Chapter 1

The Need for Wisdom

If I could write an open letter to reflect some of my own spiritual journey, it might read like this:

“Dear Aaron, I hope you are doing well. I regret that we haven’t kept in touch after your move. I miss our conversations about life, religion, and the Detroit Tigers.

“I’m writing now because I am beginning to see my need for wisdom. Wisdom you didn’t see in me.

“You used to say, ‘As a group, church people aren’t better than anyone else; they just think they are. The best people I know never darken the door of a church.’

“Even though I argued with you at the time, you helped me see that people who build hospitals, orphanages, and rescue missions in the name of Christ aren’t the only ones working for the benefit of humanity.

“I remember your letters to the editor, and the streets you walked protesting the wrongs of racism, the evils of war, or the pollution of the environment.

“Since the last time we talked, I’ve seen the hospitality and goodwill of people from all lifestyles and faiths. I’ve seen that a person doesn’t have to believe in Christ to be loving, gracious, and even heroic in the face of human need.

“Such experiences remind me of the disbelief I saw in your eyes whenever I talked to you about becoming a new person in Christ. I remember the questions you asked when I quoted the words of the apostle Paul, ‘If anyone is in Christ, he is a new creation; old things have passed away; behold, all things have become new.’ You didn’t believe it because you had grown up in church and knew firsthand that not all things had become new.

“Aaron, I wish I had been quicker to listen and slower to speak. I’ve seen enough, especially in myself, to give me second thoughts about what I said. Somewhere along the line I started to ask: Why does conversion produce changes that are more like emotional reactions than a lasting change in life?

“At this point, my spiritual journey has run parallel to what I’ve learned in marriage. The greatest similarity is the emotional baggage we bring into both. My inclinations before and after marriage were also a part of me before and after I put my faith in Christ. The self-centeredness that makes it difficult for me to hear the concerns of my wife also makes it hard for me to hear the voice of Christ living in me.

“It took time for me to discover that in faith and in marriage, growth and maturity do not come automatically or easily. And I wasn’t prepared for what turned out to be the greatest challenges of my life. I didn’t realize that the biggest enemy I would ever face would be my own natural self-centeredness.

“I don’t mean to downplay all the wonderful parts of marriage or conversion. But I see how wrong my expectations had been. I thought salvation would make me good, and I expected marriage to make me happy. I didn’t see that in both cases my own faults stacked the deck against me if I didn’t learn and live the wisdom of Christ.

“As I look back on some of our conversations, I was wrong to assume that my whole life had already changed through faith in Christ; faith didn’t automatically make me good or wise.

“Yes, my thinking has changed since the last time we talked. Life has been harder than I expected and I now see more clearly the parallel between being married and entering a relationship with Christ. Upon a couple’s public confession, a minister declares a man and woman married, but not mature in their love. And when we put our faith in Christ, God declares us legally blameless, but not good or wise. In both cases, there is a difference between the legal declaration and the resulting quality of life.

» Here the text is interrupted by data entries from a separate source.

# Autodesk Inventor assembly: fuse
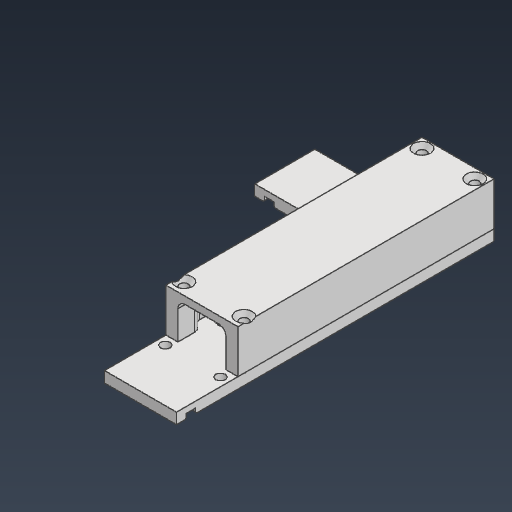
[picture p0: Inventor's stored thumbnail of the model, 512x512]
Saved by Autodesk Inventor 2023 (Build 270158000, 158)
## iProperties
Created: 2025-12-26
Part Number: fuse
Document SubType Name: Assembly
Designer: szymo
Author: szymo
## Documents named in this file (4)
- D:\tech\diy\e-skateboard\projekcik-inventor\fuse.iam
- D:\tech\diy\e-skateboard\projekcik-inventor\fusion_hold.ipt
- D:\tech\diy\e-skateboard\projekcik-inventor\fuse_holder_cover.ipt
- D:\tech\diy\e-skateboard\projekcik-inventor\Assembly - FUSE.iam
## Components (3 placed, 3 different names)
1. Assembly - FUSE:1 [sub-assembly]
2. fuse_holder_cover:1
3. fusion_hold:1
## Relationships (4: Flush 4)
- [Flush]: fuse_holder_cover:1 ↔ fusion_hold:1
- [Flush]: fuse_holder_cover:1 ↔ fusion_hold:1
- [Flush]: Assembly - FUSE:1 ↔ fusion_hold:1
- [Flush]: Assembly - FUSE:1 ↔ fusion_hold:1
## Named parameters: d2_d3 = 0 mm

“I now believe that church people, in our best moments, have a lot in common with support groups. We follow the program, not because we are better than others but because we know we need God and one another to overcome the problems that are consuming us. I wish I had understood sooner that believing in Christ is not the same as sharing His wisdom.

“Thanks for reading. If you’re ever inclined, I’d love to hear where life has taken you.”